Characterizing metabolically unhealthy obesity is critical to investigate obesity-related mechanisms of inflammation with colorectal and liver cancer risk but is often prohibitively costly and logistically infeasible in the context of large population-based studies. Therefore, we propose an innovative approach to address these gaps by (i) deriving novel proteomic-based inflammation signatures of metabolically unhealthy obesity (“Inflammotypes”) in cohorts with visceral adipose tissue quantified via dual-energy X-ray absorptiometry (DXA) and traits of glycemic metabolic function; then (ii) prospectively investigating these novel Inflammotypes in longitudinal cohorts with stored blood samples in relation to incident colorectal and liver cancer risk. Our deeply-phenotyped cohorts for derivation and validation of Inflammotypes include general population adults without cancer from the US-based Vitamin D and Omega-3 Trial and Cocoa Supplement and Multivitamin Outcomes Study. Colorectal and liver cancer cases and matched controls will be included from prospective cohorts with bloods collected at study baselines prior to diagnosis, including the Nurses’ Health Study, Health Professionals Follow-up Study, Prostate, Lung, Colorectal, and Ovarian, Southern Community Cohorts Study, Physicians’ Health Studies, and the Women’s Health Study. Collectively, these data will be used to address these specific aims:

AIM 1. To characterize patterns of chronic inflammation (Inflammotypes) via state-of-the-art Olink proteomic panel (384 inflammation-related proteins) that describe metabolically unhealthy obesity (i.e., higher DXA visceral adiposity, together with homeostatic model assessment for insulin resistance [HOMA-IR], hemoglobin A1c [HbA1c], or lipoprotein insulin resistance score [LPIR]). Machine learning analyses to identify the Inflammotypes among highly phenotyped adults without cancer will be performed in VITAL (N=767) and replicated in COSMOS (N=426)

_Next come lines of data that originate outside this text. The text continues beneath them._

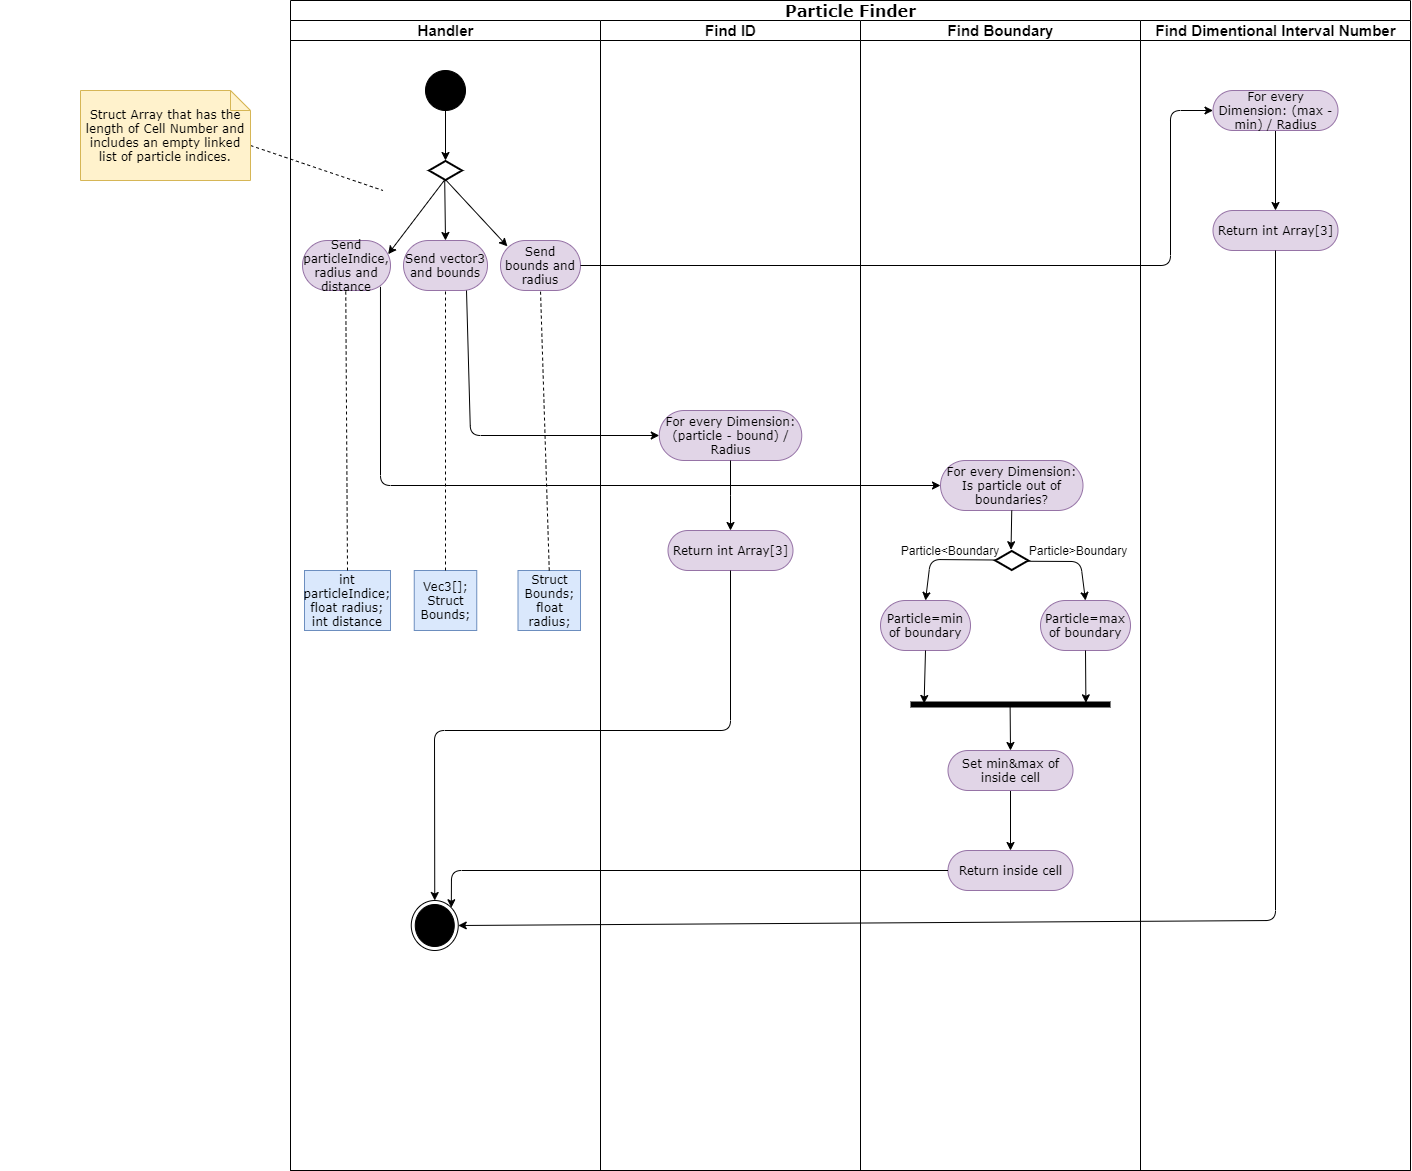

The diagram above was exported from draw.io. Its source (the exported page's mxGraphModel, read from the mxfile embedded in the PNG):
<mxGraphModel dx="3220" dy="2288" grid="1" gridSize="10" guides="1" tooltips="1" connect="1" arrows="1" fold="1" page="1" pageScale="1" pageWidth="850" pageHeight="1100" background="#ffffff" math="0" shadow="0">
  <root>
    <mxCell id="0" />
    <mxCell id="1" parent="0" />
    <mxCell id="iyxIDx-SKi2XZ2hmheYC-2" value="&lt;font style=&quot;font-size: 16px&quot;&gt;Particle Finder&lt;/font&gt;" style="swimlane;html=1;childLayout=stackLayout;startSize=20;rounded=0;shadow=0;comic=0;labelBackgroundColor=none;strokeWidth=1;fontFamily=Verdana;fontSize=14;align=center;" parent="1" vertex="1">
      <mxGeometry x="-480" y="-10" width="1120" height="1170" as="geometry">
        <mxRectangle x="40" y="20" width="60" height="20" as="alternateBounds" />
      </mxGeometry>
    </mxCell>
    <mxCell id="iyxIDx-SKi2XZ2hmheYC-3" value="&lt;font style=&quot;font-size: 15px;&quot;&gt;Handler&lt;/font&gt;" style="swimlane;html=1;startSize=20;fontSize=15;" parent="iyxIDx-SKi2XZ2hmheYC-2" vertex="1">
      <mxGeometry y="20" width="310" height="1150" as="geometry" />
    </mxCell>
    <mxCell id="iyxIDx-SKi2XZ2hmheYC-128" value="" style="ellipse;whiteSpace=wrap;html=1;rounded=0;shadow=0;comic=0;labelBackgroundColor=none;strokeWidth=1;fillColor=#000000;fontFamily=Verdana;fontSize=12;align=center;" parent="iyxIDx-SKi2XZ2hmheYC-3" vertex="1">
      <mxGeometry x="135" y="50" width="40" height="40" as="geometry" />
    </mxCell>
    <mxCell id="iyxIDx-SKi2XZ2hmheYC-131" value="Send vector3 and bounds" style="rounded=1;whiteSpace=wrap;html=1;shadow=0;comic=0;labelBackgroundColor=none;strokeWidth=1;fontFamily=Verdana;fontSize=12;align=center;arcSize=50;fillColor=#e1d5e7;strokeColor=#9673a6;" parent="iyxIDx-SKi2XZ2hmheYC-3" vertex="1">
      <mxGeometry x="113" y="220" width="84" height="50" as="geometry" />
    </mxCell>
    <mxCell id="pmGwlJap9-wvX2rmIbSo-1" value="" style="endArrow=classic;html=1;entryX=0.5;entryY=0;entryDx=0;entryDy=0;exitX=0.5;exitY=1;exitDx=0;exitDy=0;entryPerimeter=0;" parent="iyxIDx-SKi2XZ2hmheYC-3" source="iyxIDx-SKi2XZ2hmheYC-128" target="oS_JaqvydWGipsdrDZeD-1" edge="1">
      <mxGeometry width="50" height="50" relative="1" as="geometry">
        <mxPoint x="-230" y="90" as="sourcePoint" />
        <mxPoint x="155" y="150.00000000000023" as="targetPoint" />
      </mxGeometry>
    </mxCell>
    <mxCell id="pmGwlJap9-wvX2rmIbSo-3" value="" style="endArrow=classic;html=1;entryX=0.5;entryY=0;entryDx=0;entryDy=0;exitX=0.476;exitY=1.021;exitDx=0;exitDy=0;exitPerimeter=0;" parent="iyxIDx-SKi2XZ2hmheYC-3" source="oS_JaqvydWGipsdrDZeD-1" target="iyxIDx-SKi2XZ2hmheYC-131" edge="1">
      <mxGeometry width="50" height="50" relative="1" as="geometry">
        <mxPoint x="155" y="190.00000000000023" as="sourcePoint" />
        <mxPoint x="154.5" y="390" as="targetPoint" />
      </mxGeometry>
    </mxCell>
    <mxCell id="ISfV-izhreMsqmVoo87C-3" value="" style="endArrow=none;dashed=1;html=1;entryX=0;entryY=0.5;entryDx=0;entryDy=0;exitX=0;exitY=0;exitDx=170;exitDy=55;exitPerimeter=0;" parent="iyxIDx-SKi2XZ2hmheYC-3" source="iyxIDx-SKi2XZ2hmheYC-134" edge="1">
      <mxGeometry width="50" height="50" relative="1" as="geometry">
        <mxPoint x="-30" y="210" as="sourcePoint" />
        <mxPoint x="92.5" y="170.00000000000023" as="targetPoint" />
      </mxGeometry>
    </mxCell>
    <mxCell id="oS_JaqvydWGipsdrDZeD-1" value="" style="html=1;whiteSpace=wrap;aspect=fixed;shape=isoRectangle;strokeWidth=2;" parent="iyxIDx-SKi2XZ2hmheYC-3" vertex="1">
      <mxGeometry x="138.5" y="140" width="33" height="20" as="geometry" />
    </mxCell>
    <mxCell id="TWuFYtMVNlRYKTcZxqIx-48" value="Send particleIndice, radius and distance" style="rounded=1;whiteSpace=wrap;html=1;shadow=0;comic=0;labelBackgroundColor=none;strokeWidth=1;fontFamily=Verdana;fontSize=12;align=center;arcSize=50;fillColor=#e1d5e7;strokeColor=#9673a6;" vertex="1" parent="iyxIDx-SKi2XZ2hmheYC-3">
      <mxGeometry x="12" y="220" width="88" height="50" as="geometry" />
    </mxCell>
    <mxCell id="TWuFYtMVNlRYKTcZxqIx-49" value="Send bounds and radius" style="rounded=1;whiteSpace=wrap;html=1;shadow=0;comic=0;labelBackgroundColor=none;strokeWidth=1;fontFamily=Verdana;fontSize=12;align=center;arcSize=50;fillColor=#e1d5e7;strokeColor=#9673a6;" vertex="1" parent="iyxIDx-SKi2XZ2hmheYC-3">
      <mxGeometry x="210" y="220" width="80" height="50" as="geometry" />
    </mxCell>
    <mxCell id="TWuFYtMVNlRYKTcZxqIx-50" value="" style="endArrow=classic;html=1;entryX=0.086;entryY=0.117;entryDx=0;entryDy=0;exitX=0.497;exitY=0.952;exitDx=0;exitDy=0;exitPerimeter=0;entryPerimeter=0;" edge="1" parent="iyxIDx-SKi2XZ2hmheYC-3" source="oS_JaqvydWGipsdrDZeD-1" target="TWuFYtMVNlRYKTcZxqIx-49">
      <mxGeometry width="50" height="50" relative="1" as="geometry">
        <mxPoint x="165.20800000000008" y="180.42000000000007" as="sourcePoint" />
        <mxPoint x="166" y="230.00000000000023" as="targetPoint" />
      </mxGeometry>
    </mxCell>
    <mxCell id="TWuFYtMVNlRYKTcZxqIx-51" value="" style="endArrow=classic;html=1;entryX=0.973;entryY=0.274;entryDx=0;entryDy=0;exitX=0.471;exitY=0.979;exitDx=0;exitDy=0;exitPerimeter=0;entryPerimeter=0;" edge="1" parent="iyxIDx-SKi2XZ2hmheYC-3" source="oS_JaqvydWGipsdrDZeD-1" target="TWuFYtMVNlRYKTcZxqIx-48">
      <mxGeometry width="50" height="50" relative="1" as="geometry">
        <mxPoint x="165.20799999999986" y="180.42000000000007" as="sourcePoint" />
        <mxPoint x="166" y="230" as="targetPoint" />
      </mxGeometry>
    </mxCell>
    <mxCell id="iyxIDx-SKi2XZ2hmheYC-138" value="Vec3[];&lt;br&gt;Struct Bounds;" style="rounded=0;whiteSpace=wrap;html=1;shadow=0;comic=0;labelBackgroundColor=none;strokeWidth=1;fontFamily=Verdana;fontSize=12;align=center;arcSize=50;fillColor=#dae8fc;strokeColor=#6c8ebf;" parent="iyxIDx-SKi2XZ2hmheYC-3" vertex="1">
      <mxGeometry x="123.75" y="550" width="62.5" height="60" as="geometry" />
    </mxCell>
    <mxCell id="oS_JaqvydWGipsdrDZeD-4" value="" style="endArrow=none;dashed=1;html=1;exitX=0.5;exitY=0;exitDx=0;exitDy=0;" parent="iyxIDx-SKi2XZ2hmheYC-3" source="iyxIDx-SKi2XZ2hmheYC-138" target="iyxIDx-SKi2XZ2hmheYC-131" edge="1">
      <mxGeometry width="50" height="50" relative="1" as="geometry">
        <mxPoint x="77.28999999999996" y="460.17999999999984" as="sourcePoint" />
        <mxPoint x="155" y="190.00000000000023" as="targetPoint" />
      </mxGeometry>
    </mxCell>
    <mxCell id="TWuFYtMVNlRYKTcZxqIx-52" value="Struct Bounds;&lt;br&gt;float radius;" style="rounded=0;whiteSpace=wrap;html=1;shadow=0;comic=0;labelBackgroundColor=none;strokeWidth=1;fontFamily=Verdana;fontSize=12;align=center;arcSize=50;fillColor=#dae8fc;strokeColor=#6c8ebf;" vertex="1" parent="iyxIDx-SKi2XZ2hmheYC-3">
      <mxGeometry x="227.5" y="550" width="62.5" height="60" as="geometry" />
    </mxCell>
    <mxCell id="TWuFYtMVNlRYKTcZxqIx-53" value="" style="endArrow=none;dashed=1;html=1;exitX=0.5;exitY=0;exitDx=0;exitDy=0;" edge="1" parent="iyxIDx-SKi2XZ2hmheYC-3" source="TWuFYtMVNlRYKTcZxqIx-52">
      <mxGeometry width="50" height="50" relative="1" as="geometry">
        <mxPoint x="649.29" y="450.17999999999984" as="sourcePoint" />
        <mxPoint x="250" y="270" as="targetPoint" />
      </mxGeometry>
    </mxCell>
    <mxCell id="TWuFYtMVNlRYKTcZxqIx-54" value="int particleIndice;&lt;br&gt;float radius;&lt;br&gt;int distance" style="rounded=0;whiteSpace=wrap;html=1;shadow=0;comic=0;labelBackgroundColor=none;strokeWidth=1;fontFamily=Verdana;fontSize=12;align=center;arcSize=50;fillColor=#dae8fc;strokeColor=#6c8ebf;" vertex="1" parent="iyxIDx-SKi2XZ2hmheYC-3">
      <mxGeometry x="14" y="550" width="86" height="60" as="geometry" />
    </mxCell>
    <mxCell id="TWuFYtMVNlRYKTcZxqIx-55" value="" style="endArrow=none;dashed=1;html=1;exitX=0.5;exitY=0;exitDx=0;exitDy=0;" edge="1" parent="iyxIDx-SKi2XZ2hmheYC-3" source="TWuFYtMVNlRYKTcZxqIx-54">
      <mxGeometry width="50" height="50" relative="1" as="geometry">
        <mxPoint x="934.54" y="440.17999999999984" as="sourcePoint" />
        <mxPoint x="55.25" y="270" as="targetPoint" />
      </mxGeometry>
    </mxCell>
    <mxCell id="TWuFYtMVNlRYKTcZxqIx-59" value="" style="ellipse;html=1;shape=endState;fillColor=#000000;strokeColor=#000000;" vertex="1" parent="iyxIDx-SKi2XZ2hmheYC-3">
      <mxGeometry x="120.75" y="880" width="47" height="50" as="geometry" />
    </mxCell>
    <mxCell id="iyxIDx-SKi2XZ2hmheYC-12" value="&lt;font style=&quot;font-size: 15px&quot;&gt;Find ID&lt;/font&gt;" style="swimlane;html=1;startSize=20;" parent="iyxIDx-SKi2XZ2hmheYC-2" vertex="1">
      <mxGeometry x="310" y="20" width="260" height="1150" as="geometry" />
    </mxCell>
    <mxCell id="TWuFYtMVNlRYKTcZxqIx-6" value="For every Dimension: (particle - bound) / Radius" style="rounded=1;whiteSpace=wrap;html=1;shadow=0;comic=0;labelBackgroundColor=none;strokeWidth=1;fontFamily=Verdana;fontSize=12;align=center;arcSize=50;fillColor=#e1d5e7;strokeColor=#9673a6;" vertex="1" parent="iyxIDx-SKi2XZ2hmheYC-12">
      <mxGeometry x="58.75" y="390" width="142.5" height="50" as="geometry" />
    </mxCell>
    <mxCell id="TWuFYtMVNlRYKTcZxqIx-7" value="Return int Array[3]" style="rounded=1;whiteSpace=wrap;html=1;shadow=0;comic=0;labelBackgroundColor=none;strokeWidth=1;fontFamily=Verdana;fontSize=12;align=center;arcSize=50;fillColor=#e1d5e7;strokeColor=#9673a6;" vertex="1" parent="iyxIDx-SKi2XZ2hmheYC-12">
      <mxGeometry x="67.5" y="510" width="125" height="40" as="geometry" />
    </mxCell>
    <mxCell id="TWuFYtMVNlRYKTcZxqIx-5" value="" style="edgeStyle=orthogonalEdgeStyle;rounded=0;orthogonalLoop=1;jettySize=auto;html=1;" edge="1" parent="iyxIDx-SKi2XZ2hmheYC-12" source="TWuFYtMVNlRYKTcZxqIx-6" target="TWuFYtMVNlRYKTcZxqIx-7">
      <mxGeometry relative="1" as="geometry" />
    </mxCell>
    <mxCell id="oS_JaqvydWGipsdrDZeD-3" value="&lt;font style=&quot;font-size: 15px&quot;&gt;Find Boundary&lt;/font&gt;" style="swimlane;html=1;startSize=20;" parent="iyxIDx-SKi2XZ2hmheYC-2" vertex="1">
      <mxGeometry x="570" y="20" width="280" height="1150" as="geometry" />
    </mxCell>
    <mxCell id="TWuFYtMVNlRYKTcZxqIx-65" value="For every Dimension: Is particle out of boundaries?" style="rounded=1;whiteSpace=wrap;html=1;shadow=0;comic=0;labelBackgroundColor=none;strokeWidth=1;fontFamily=Verdana;fontSize=12;align=center;arcSize=50;fillColor=#e1d5e7;strokeColor=#9673a6;" vertex="1" parent="oS_JaqvydWGipsdrDZeD-3">
      <mxGeometry x="80" y="440" width="142.5" height="50" as="geometry" />
    </mxCell>
    <mxCell id="TWuFYtMVNlRYKTcZxqIx-66" value="" style="html=1;whiteSpace=wrap;aspect=fixed;shape=isoRectangle;strokeWidth=2;" vertex="1" parent="oS_JaqvydWGipsdrDZeD-3">
      <mxGeometry x="134.75" y="530" width="33" height="20" as="geometry" />
    </mxCell>
    <mxCell id="TWuFYtMVNlRYKTcZxqIx-69" value="" style="endArrow=classic;html=1;entryX=0.478;entryY=-0.038;entryDx=0;entryDy=0;exitX=0.5;exitY=1;exitDx=0;exitDy=0;entryPerimeter=0;" edge="1" parent="oS_JaqvydWGipsdrDZeD-3" source="TWuFYtMVNlRYKTcZxqIx-65" target="TWuFYtMVNlRYKTcZxqIx-66">
      <mxGeometry width="50" height="50" relative="1" as="geometry">
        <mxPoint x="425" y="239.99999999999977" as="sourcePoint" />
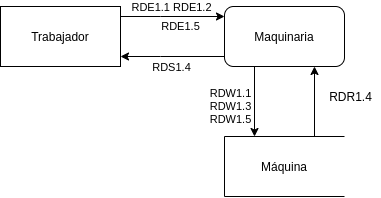

The diagram above was exported from draw.io. Its source (the exported page's mxGraphModel, read from the mxfile embedded in the PNG):
<mxGraphModel dx="462" dy="865" grid="1" gridSize="10" guides="1" tooltips="1" connect="1" arrows="1" fold="1" page="1" pageScale="1" pageWidth="827" pageHeight="1169" math="0" shadow="0">
  <root>
    <mxCell id="0" />
    <mxCell id="1" parent="0" />
    <mxCell id="HyATCOm52cZ_vMDZ4gnE-4" value="" style="edgeStyle=orthogonalEdgeStyle;rounded=0;orthogonalLoop=1;jettySize=auto;html=1;" parent="1" source="HyATCOm52cZ_vMDZ4gnE-1" target="HyATCOm52cZ_vMDZ4gnE-2" edge="1">
      <mxGeometry relative="1" as="geometry">
        <Array as="points">
          <mxPoint x="290" y="330" />
          <mxPoint x="290" y="330" />
        </Array>
      </mxGeometry>
    </mxCell>
    <mxCell id="HyATCOm52cZ_vMDZ4gnE-6" value="RDS1.4" style="edgeLabel;html=1;align=center;verticalAlign=middle;resizable=0;points=[];" parent="HyATCOm52cZ_vMDZ4gnE-4" vertex="1" connectable="0">
      <mxGeometry x="-0.1731" y="3" relative="1" as="geometry">
        <mxPoint x="-11" y="7" as="offset" />
      </mxGeometry>
    </mxCell>
    <mxCell id="bPEnN3mGCUtzI-sETVjg-5" value="RDW1.1&lt;br&gt;RDW1.3&lt;br&gt;RDW1.5" style="edgeStyle=none;rounded=0;orthogonalLoop=1;jettySize=auto;html=1;exitX=0.25;exitY=1;exitDx=0;exitDy=0;entryX=0.25;entryY=0;entryDx=0;entryDy=0;endArrow=classic;endFill=1;" edge="1" parent="1" source="HyATCOm52cZ_vMDZ4gnE-1" target="bPEnN3mGCUtzI-sETVjg-2">
      <mxGeometry x="0.1429" y="-24" relative="1" as="geometry">
        <mxPoint as="offset" />
      </mxGeometry>
    </mxCell>
    <mxCell id="HyATCOm52cZ_vMDZ4gnE-1" value="Maquinaria" style="rounded=1;whiteSpace=wrap;html=1;" parent="1" vertex="1">
      <mxGeometry x="354" y="280" width="120" height="60" as="geometry" />
    </mxCell>
    <mxCell id="HyATCOm52cZ_vMDZ4gnE-3" value="RDE1.5" style="edgeStyle=orthogonalEdgeStyle;rounded=0;orthogonalLoop=1;jettySize=auto;html=1;" parent="1" source="HyATCOm52cZ_vMDZ4gnE-2" target="HyATCOm52cZ_vMDZ4gnE-1" edge="1">
      <mxGeometry x="0.1538" y="-10" relative="1" as="geometry">
        <Array as="points">
          <mxPoint x="290" y="290" />
          <mxPoint x="290" y="290" />
        </Array>
        <mxPoint as="offset" />
      </mxGeometry>
    </mxCell>
    <mxCell id="HyATCOm52cZ_vMDZ4gnE-5" value="RDE1.1 RDE1.2" style="edgeLabel;html=1;align=center;verticalAlign=middle;resizable=0;points=[];" parent="HyATCOm52cZ_vMDZ4gnE-3" vertex="1" connectable="0">
      <mxGeometry x="-0.2885" y="-1" relative="1" as="geometry">
        <mxPoint x="13" y="-11" as="offset" />
      </mxGeometry>
    </mxCell>
    <mxCell id="HyATCOm52cZ_vMDZ4gnE-2" value="Trabajador" style="rounded=0;whiteSpace=wrap;html=1;" parent="1" vertex="1">
      <mxGeometry x="130" y="280" width="120" height="60" as="geometry" />
    </mxCell>
    <mxCell id="bPEnN3mGCUtzI-sETVjg-3" style="rounded=0;orthogonalLoop=1;jettySize=auto;html=1;exitX=0;exitY=1;exitDx=0;exitDy=0;endArrow=none;endFill=0;entryX=1;entryY=1;entryDx=0;entryDy=0;" edge="1" parent="1" source="bPEnN3mGCUtzI-sETVjg-2" target="bPEnN3mGCUtzI-sETVjg-2">
      <mxGeometry relative="1" as="geometry">
        <mxPoint x="370" y="480" as="targetPoint" />
      </mxGeometry>
    </mxCell>
    <mxCell id="bPEnN3mGCUtzI-sETVjg-6" style="edgeStyle=none;rounded=0;orthogonalLoop=1;jettySize=auto;html=1;exitX=0.75;exitY=0;exitDx=0;exitDy=0;entryX=0.75;entryY=1;entryDx=0;entryDy=0;endArrow=classic;endFill=1;" edge="1" parent="1" source="bPEnN3mGCUtzI-sETVjg-2" target="HyATCOm52cZ_vMDZ4gnE-1">
      <mxGeometry relative="1" as="geometry" />
    </mxCell>
    <mxCell id="bPEnN3mGCUtzI-sETVjg-2" value="Máquina" style="shape=partialRectangle;whiteSpace=wrap;html=1;bottom=0;right=0;fillColor=none;" vertex="1" parent="1">
      <mxGeometry x="354" y="410" width="120" height="60" as="geometry" />
    </mxCell>
    <mxCell id="bPEnN3mGCUtzI-sETVjg-7" value="RDR1.4" style="text;html=1;align=center;verticalAlign=middle;resizable=0;points=[];autosize=1;strokeColor=none;fillColor=none;" vertex="1" parent="1">
      <mxGeometry x="450" y="360" width="60" height="20" as="geometry" />
    </mxCell>
  </root>
</mxGraphModel>

AIM 2. To investigate the prospective relationship between proteomic Inflammotypes with long-term risk of incident colorectal (1000 cases/1000 controls) and liver cancer (500 cases/500 controls), adjusting for competing cancer risk factors. Analyses will combine across eligible nested case-control pairs from longitudinal cohorts (NHS, HPFS, PLCO, SCCS, PHS, WHS) with stored baseline bloods and long-term follow-up (median ranges 6.1-16.7 years).

Collaborators

Xuehong Zhang (Harvard Medical School and Brigham and Women's Hospital)
Katherine McGlynn (NCI)
Edward Giovannucci (Harvard Chan School)
Tobias, Deirdre K (Harvard Medical School and Brigham and Women's Hospital)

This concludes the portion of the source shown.